From the records below, print exactly the lines starting at the one containing "Selector : Selector" and ending at the one containing "Ch2 Out : Outport", ends included, and nothing else.
(Beginning of EXERCISE INPUTS)
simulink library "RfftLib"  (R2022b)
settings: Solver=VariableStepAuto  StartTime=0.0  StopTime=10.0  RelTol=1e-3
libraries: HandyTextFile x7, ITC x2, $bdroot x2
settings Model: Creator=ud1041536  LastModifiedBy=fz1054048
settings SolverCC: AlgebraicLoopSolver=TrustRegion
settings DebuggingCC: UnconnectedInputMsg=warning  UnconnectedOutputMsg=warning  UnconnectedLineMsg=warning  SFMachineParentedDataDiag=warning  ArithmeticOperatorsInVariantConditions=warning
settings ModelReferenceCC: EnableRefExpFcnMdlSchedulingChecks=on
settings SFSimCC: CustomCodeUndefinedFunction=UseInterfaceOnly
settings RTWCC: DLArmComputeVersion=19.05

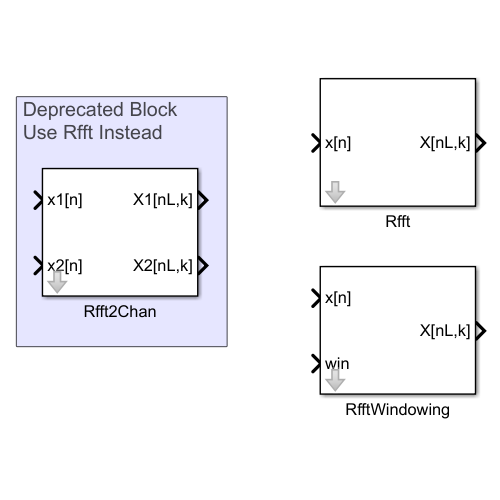
[thumbnail: Simulink's stored preview of the top-level diagram]
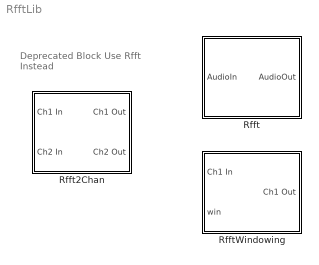
== system RfftLib ==
  note: Deprecated Block
      | Use Rfft Instead
  Rfft : Subsystem  Description=This block computes the Fourier Transform using an optimized FFT for real 2-channel input.  mask(Blocklib Rfft){Config=[]}
      mask prompts: Config "RfftConfig"
      mask help:
      | See 'Help' or run
      | >> help RfftConfig
      mask init:
      | blkh=gcbh;
      | Config=BTConfig.Assert(blkh,Config);
      | 
      | Config.Validate();
      | Config.DoMaskInit(blkh);
      mask Help: eval('help RfftConfig')
      mask Display:
      | port_label('input',1,'x[n]')
      | port_label('output',1,'X[nL,k]')
  Rfft2Chan : Subsystem  Description=This block computes the Fourier Transform using an optimized FFT for real 2-channel input.  mask(Blocklib Rfft2Chan){Config=[]}
      mask prompts: Config "Rfft2ChanConfig"
      mask help:
      | See 'Help' or run
      | >> help Rfft2ChanConfig
      mask init:
      | blkh=gcbh;
      | 
      | Config=BTConfig.Assert(blkh,Config);
      | 
      | Config.Validate();
      | Config.DoMaskInit(blkh);
      mask Help: eval('help Rfft2ChanConfig')
      mask Display:
      | port_label('input',1,'x1[n]')
      | port_label('input',2,'x2[n]')
      | port_label('output',1,'X1[nL,k]')
      | port_label('output',2,'X2[nL,k]')
  RfftWindowing : Subsystem  Description=This block computes the Fourier Transform using an optimized FFT for real 2-channel input.  mask(Blocklib RfftWindowing){Config=[]}
      mask prompts: Config "RfftWindowingConfig"
      mask help:
      | See 'Help' or run
      | >> help RfftWindowingConfig
      mask init:
      | blkh=gcbh;
      | Config=BTConfig.Assert(blkh,Config);
      | 
      | Config.Validate();
      | Config.DoMaskInit(blkh);
      mask Help: eval('help RfftWindowingConfig')
      mask Display:
      | port_label('input',1,'x[n]')
      | port_label('input',2,'win')
      | port_label('output',1,'X[nL,k]')

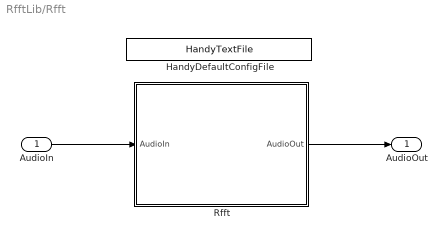
== system RfftLib/Rfft ==
  AudioIn : Inport
  HandyDefaultConfigFile : HandyTextFile/HandyTextFile  TemplateSource=Config  FileSuffix=Init  OpenDialogOnLoad=off  UseThisBlockName=off  AddGrandParentNamePrefix=off  TheDefaultText=|  ShowInLibBrowser=on
      | % $(FILENAME) Setup model parameters for each "Init" callback (e.g. update diagram)
      | sample_rate_in_hertz = 44100;
      | frame_size = 32;
      | sysin_channel_count = 2;
      settings: SourceProductName=Bose Talaria
  Rfft : Subsystem  Variant=on  VariantControl=Choice
  AudioOut : Outport  VectorParamsAs1DForOutWhenUnconnected=off
      settings: SignalType=complex
  wires:
  Rfft/1(AudioOut) -> AudioOut/1
  AudioIn/1 -> Rfft/1(AudioIn)

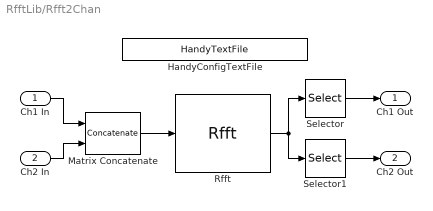
== system RfftLib/Rfft2Chan ==
  Ch1 In : Inport
  Ch2 In : Inport  Port=2
  HandyConfigTextFile : HandyTextFile/HandyTextFile  TemplateSource=Config  FileSuffix=File  OpenDialogOnLoad=off  UseThisBlockName=off  AddGrandParentNamePrefix=off  TheDefaultText=% $(FILENAME) $(PREFIX) $(SUFFIX)  ShowInLibBrowser=on
      settings: SourceProductName=Bose Talaria
  Matrix Concatenate : Concatenate  Mode=Multidimensional array  ConcatenateDimension=2
  Rfft : $bdroot/Rfft  Description=This block computes the Fourier Transform using an optimized FFT for real 2-channel input.  Config=Config
  Selector : Selector  NumberOfDimensions=2  InputPortWidth=3  IndexOptions=Select all,Index vector (dialog)  Indices=[1 3],1  OutputSizes=1,1
  Selector1 : Selector  NumberOfDimensions=2  InputPortWidth=3  IndexOptions=Select all,Index vector (dialog)  Indices=[1 3],2  OutputSizes=1,1
  Ch1 Out : Outport  VectorParamsAs1DForOutWhenUnconnected=off
  Ch2 Out : Outport  Port=2  VectorParamsAs1DForOutWhenUnconnected=off
  wires:
  Ch1 In/1 -> Matrix Concatenate/1
  Ch2 In/1 -> Matrix Concatenate/2
  Matrix Concatenate/1 -> Rfft/1
  Selector/1 -> Ch1 Out/1
  Rfft/1 -> Selector1/1, Selector/1
  Selector1/1 -> Ch2 Out/1

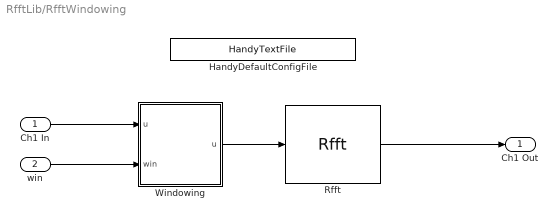
== system RfftLib/RfftWindowing ==
  Ch1 In : Inport
  win : Inport  Port=2
  HandyDefaultConfigFile : HandyTextFile/HandyTextFile  TemplateSource=Config  FileSuffix=Init  OpenDialogOnLoad=off  UseThisBlockName=off  AddGrandParentNamePrefix=off  TheDefaultText=|  ShowInLibBrowser=on
      | % $(FILENAME) Setup model parameters for each "Init" callback (e.g. update diagram)
      | sample_rate_in_hertz = 44100;
      | frame_size = 32;
      | sysin_channel_count = 2;
      settings: SourceProductName=Bose Talaria
  Rfft : $bdroot/Rfft  Description=This block computes the Fourier Transform using an optimized FFT for real 2-channel input.  Config=Config
  Windowing : MATLAB Function  TreatAsAtomicUnit=on
  Ch1 Out : Outport  VectorParamsAs1DForOutWhenUnconnected=off
      settings: SignalType=complex
  wires:
  Rfft/1 -> Ch1 Out/1
  Windowing/1(u) -> Rfft/1
  Ch1 In/1 -> Windowing/1("u ")
  win/1 -> Windowing/2(win)

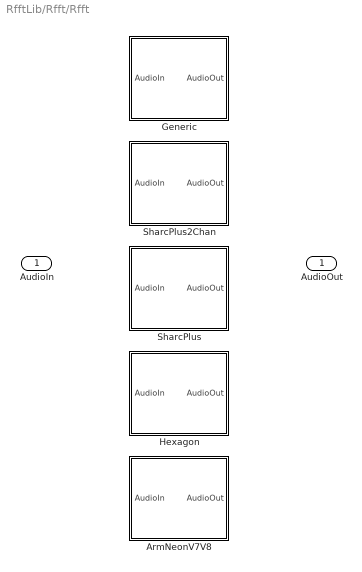
== system RfftLib/Rfft/Rfft ==
  AudioIn : Inport
  ArmNeonV7V8 : Subsystem  VariantControl=(Config.Breed == AsdHwEnum.ArmNeonV7V8)
  Generic : Subsystem  VariantControl=(default)
  Hexagon : Subsystem  VariantControl=(Config.Breed == AsdHwEnum.Hexagon)
  SharcPlus : Subsystem  VariantControl=(Config.Breed == AsdHwEnum.SharcPlus) && (Config.NumChannels ~= 2)
  SharcPlus2Chan : Subsystem  VariantControl=(Config.Breed == AsdHwEnum.SharcPlus) && (Config.NumChannels == 2)
  AudioOut : Outport

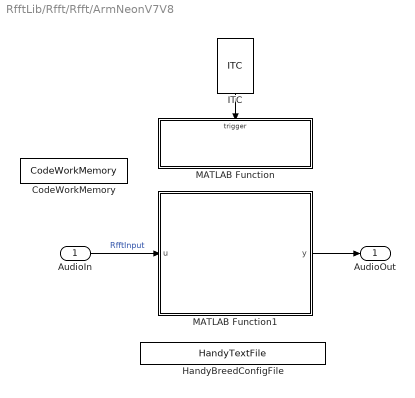
== system RfftLib/Rfft/Rfft/ArmNeonV7V8 ==
  AudioIn : Inport
  CodeWorkMemory : DataStoreMemory  DataStoreName=CodeWorkMemory  WriteAfterWriteMsg=warning  InitialValue=Config.BreedObj.DsmCodeWorkMemoryInitValue  ShowAdditionalParam=off  OutDataTypeStr=uint32
  HandyBreedConfigFile : HandyTextFile/HandyTextFile  TemplateSource=<dialog fields>  FileSuffix=BreedConfig  OpenDialogOnLoad=off  UseThisBlockName=off  AddGrandParentNamePrefix=on  TheDefaultText=|  ShowInLibBrowser=on
      | % $(FILENAME) Setup model parameters for each "Init" callback (e.g. update diagram)
      | sample_rate_in_hertz = 44100;
      | frame_size = 32;
      | sysin_channel_count = 2;
      settings: SourceProductName=Bose Talaria
  ITC : ITC/ITC
      settings: SourceProductName=Bose Talaria
  MATLAB Function : MATLAB Function  TreatAsAtomicUnit=on  mask{fftSize=Config.FftSize}
  MATLAB Function1 : MATLAB Function  TreatAsAtomicUnit=on  mask{fftSize=Config.FftSize}
  AudioOut : Outport  VectorParamsAs1DForOutWhenUnconnected=off
  wires:
  ITC/1 -> MATLAB Function/Trigger
  AudioIn/1 -> MATLAB Function1/1(u)  "RfftInput"
  MATLAB Function1/1(y) -> AudioOut/1

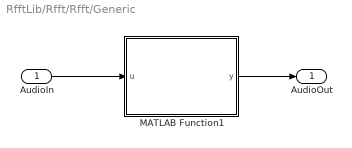
== system RfftLib/Rfft/Rfft/Generic ==
  AudioIn : Inport
  MATLAB Function1 : MATLAB Function  TreatAsAtomicUnit=on  mask{fftSize=Config.FftSize}
  AudioOut : Outport  VectorParamsAs1DForOutWhenUnconnected=off
  wires:
  AudioIn/1 -> MATLAB Function1/1(u)
  MATLAB Function1/1(y) -> AudioOut/1

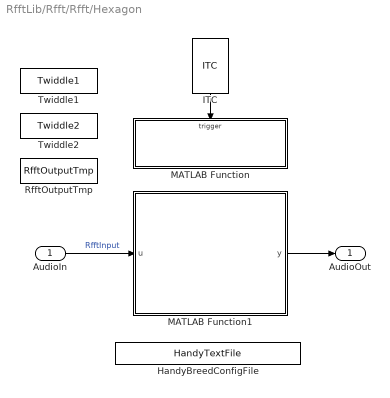
== system RfftLib/Rfft/Rfft/Hexagon ==
  AudioIn : Inport
  HandyBreedConfigFile : HandyTextFile/HandyTextFile  TemplateSource=<dialog fields>  FileSuffix=BreedConfig  OpenDialogOnLoad=off  UseThisBlockName=off  AddGrandParentNamePrefix=on  TheDefaultText=|  ShowInLibBrowser=on
      | % $(FILENAME) Setup model parameters for each "Init" callback (e.g. update diagram)
      | sample_rate_in_hertz = 44100;
      | frame_size = 32;
      | sysin_channel_count = 2;
      settings: SourceProductName=Bose Talaria
  ITC : ITC/ITC
      settings: SourceProductName=Bose Talaria
  MATLAB Function : MATLAB Function  TreatAsAtomicUnit=on  mask{fftSize=Config.FftSize}
  MATLAB Function1 : MATLAB Function  TreatAsAtomicUnit=on  mask{fftSize=Config.FftSize}
  RfftOutputTmp : DataStoreMemory  DataStoreName=RfftOutputTmp  WriteAfterWriteMsg=warning  InitialValue=Config.BreedObj.DsmRfftOutputTmpInitValue  ShowAdditionalParam=off  OutDataTypeStr=single
      settings: SignalType=complex
  Twiddle1 : DataStoreMemory  DataStoreName=Twiddle1  WriteAfterWriteMsg=warning  InitialValue=Config.BreedObj.DsmTwiddle1InitValue  ShowAdditionalParam=off  OutDataTypeStr=single
      settings: SignalType=complex
  Twiddle2 : DataStoreMemory  DataStoreName=Twiddle2  WriteAfterWriteMsg=warning  InitialValue=Config.BreedObj.DsmTwiddle2InitValue  ShowAdditionalParam=off  OutDataTypeStr=single
      settings: SignalType=complex
  AudioOut : Outport  VectorParamsAs1DForOutWhenUnconnected=off
  wires:
  ITC/1 -> MATLAB Function/Trigger
  AudioIn/1 -> MATLAB Function1/1(u)  "RfftInput"
  MATLAB Function1/1(y) -> AudioOut/1

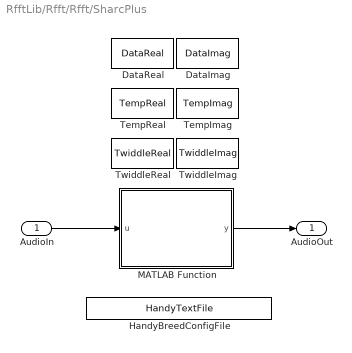
== system RfftLib/Rfft/Rfft/SharcPlus ==
  AudioIn : Inport
  DataImag : DataStoreMemory  DataStoreName=DataImag  ReadBeforeWriteMsg=warning  WriteAfterWriteMsg=warning  WriteAfterReadMsg=warning  InitialValue=Config.BreedObj.DsmDataImagInitValue  ShowAdditionalParam=off  OutDataTypeStr=single
  DataReal : DataStoreMemory  DataStoreName=DataReal  ReadBeforeWriteMsg=warning  WriteAfterWriteMsg=warning  WriteAfterReadMsg=warning  InitialValue=Config.BreedObj.DsmDataRealInitValue  ShowAdditionalParam=off  OutDataTypeStr=single
  HandyBreedConfigFile : HandyTextFile/HandyTextFile  TemplateSource=<dialog fields>  FileSuffix=BreedConfig  OpenDialogOnLoad=off  UseThisBlockName=off  AddGrandParentNamePrefix=on  TheDefaultText=|  ShowInLibBrowser=on
      | % $(FILENAME) Setup model parameters for each "Init" callback (e.g. update diagram)
      | sample_rate_in_hertz = 44100;
      | frame_size = 32;
      | sysin_channel_count = 2;
      settings: SourceProductName=Bose Talaria
  MATLAB Function : MATLAB Function  TreatAsAtomicUnit=on  mask{fftSize=Config.FftSize}
  TempImag : DataStoreMemory  DataStoreName=TempImag  ReadBeforeWriteMsg=warning  WriteAfterWriteMsg=warning  WriteAfterReadMsg=warning  InitialValue=Config.BreedObj.DsmTempImagInitValue  ShowAdditionalParam=off  OutDataTypeStr=single
  TempReal : DataStoreMemory  DataStoreName=TempReal  ReadBeforeWriteMsg=warning  WriteAfterWriteMsg=warning  WriteAfterReadMsg=warning  InitialValue=Config.BreedObj.DsmTempRealInitValue  ShowAdditionalParam=off  OutDataTypeStr=single
  TwiddleImag : DataStoreMemory  DataStoreName=TwiddleImag  ReadBeforeWriteMsg=warning  WriteAfterWriteMsg=warning  WriteAfterReadMsg=warning  InitialValue=Config.BreedObj.DsmTwiddleImagInitValue  ShowAdditionalParam=off  OutDataTypeStr=uint32
  TwiddleReal : DataStoreMemory  DataStoreName=TwiddleReal  ReadBeforeWriteMsg=warning  WriteAfterWriteMsg=warning  WriteAfterReadMsg=warning  InitialValue=Config.BreedObj.DsmTwiddleRealInitValue  ShowAdditionalParam=off  OutDataTypeStr=uint32
  AudioOut : Outport  VectorParamsAs1DForOutWhenUnconnected=off
  wires:
  MATLAB Function/1(y) -> AudioOut/1
  AudioIn/1 -> MATLAB Function/1(u)

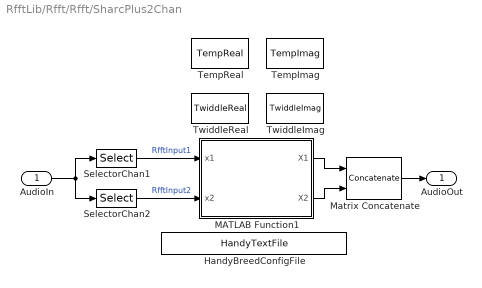
== system RfftLib/Rfft/Rfft/SharcPlus2Chan ==
  AudioIn : Inport
  HandyBreedConfigFile : HandyTextFile/HandyTextFile  TemplateSource=<dialog fields>  FileSuffix=BreedConfig  OpenDialogOnLoad=off  UseThisBlockName=off  AddGrandParentNamePrefix=on  TheDefaultText=|  ShowInLibBrowser=on
      | % $(FILENAME) Setup model parameters for each "Init" callback (e.g. update diagram)
      | sample_rate_in_hertz = 44100;
      | frame_size = 32;
      | sysin_channel_count = 2;
      settings: SourceProductName=Bose Talaria
  MATLAB Function1 : MATLAB Function  TreatAsAtomicUnit=on  mask{fftSize=Config.FftSize}
  Matrix Concatenate : Concatenate  Mode=Multidimensional array  ConcatenateDimension=2
  SelectorChan1 : Selector  NumberOfDimensions=2  InputPortWidth=3  IndexOptions=Select all,Index vector (dialog)  Indices=[1 3],1  OutputSizes=1,1
  SelectorChan2 : Selector  NumberOfDimensions=2  InputPortWidth=3  IndexOptions=Select all,Index vector (dialog)  Indices=[1 3],2  OutputSizes=1,1
  TempImag : DataStoreMemory  DataStoreName=TempImag  ReadBeforeWriteMsg=warning  WriteAfterWriteMsg=warning  WriteAfterReadMsg=warning  InitialValue=Config.BreedObj.DsmTempImagInitValue  ShowAdditionalParam=off  OutDataTypeStr=single
  TempReal : DataStoreMemory  DataStoreName=TempReal  ReadBeforeWriteMsg=warning  WriteAfterWriteMsg=warning  WriteAfterReadMsg=warning  InitialValue=Config.BreedObj.DsmTempRealInitValue  ShowAdditionalParam=off  OutDataTypeStr=single
  TwiddleImag : DataStoreMemory  DataStoreName=TwiddleImag  ReadBeforeWriteMsg=warning  WriteAfterWriteMsg=warning  WriteAfterReadMsg=warning  InitialValue=Config.BreedObj.DsmTwiddleImagInitValue  ShowAdditionalParam=off  OutDataTypeStr=uint32
  TwiddleReal : DataStoreMemory  DataStoreName=TwiddleReal  ReadBeforeWriteMsg=warning  WriteAfterWriteMsg=warning  WriteAfterReadMsg=warning  InitialValue=Config.BreedObj.DsmTwiddleRealInitValue  ShowAdditionalParam=off  OutDataTypeStr=uint32
  AudioOut : Outport  VectorParamsAs1DForOutWhenUnconnected=off
  wires:
  MATLAB Function1/2(X2) -> Matrix Concatenate/2
  MATLAB Function1/1(X1) -> Matrix Concatenate/1
  AudioIn/1 -> SelectorChan2/1, SelectorChan1/1
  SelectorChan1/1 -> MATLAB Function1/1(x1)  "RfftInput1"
(End of EXERCISE INPUTS)
→ **TASK ANSWER**:
  Selector : Selector  NumberOfDimensions=2  InputPortWidth=3  IndexOptions=Select all,Index vector (dialog)  Indices=[1 3],1  OutputSizes=1,1
  Selector1 : Selector  NumberOfDimensions=2  InputPortWidth=3  IndexOptions=Select all,Index vector (dialog)  Indices=[1 3],2  OutputSizes=1,1
  Ch1 Out : Outport  VectorParamsAs1DForOutWhenUnconnected=off
  Ch2 Out : Outport  Port=2  VectorParamsAs1DForOutWhenUnconnected=off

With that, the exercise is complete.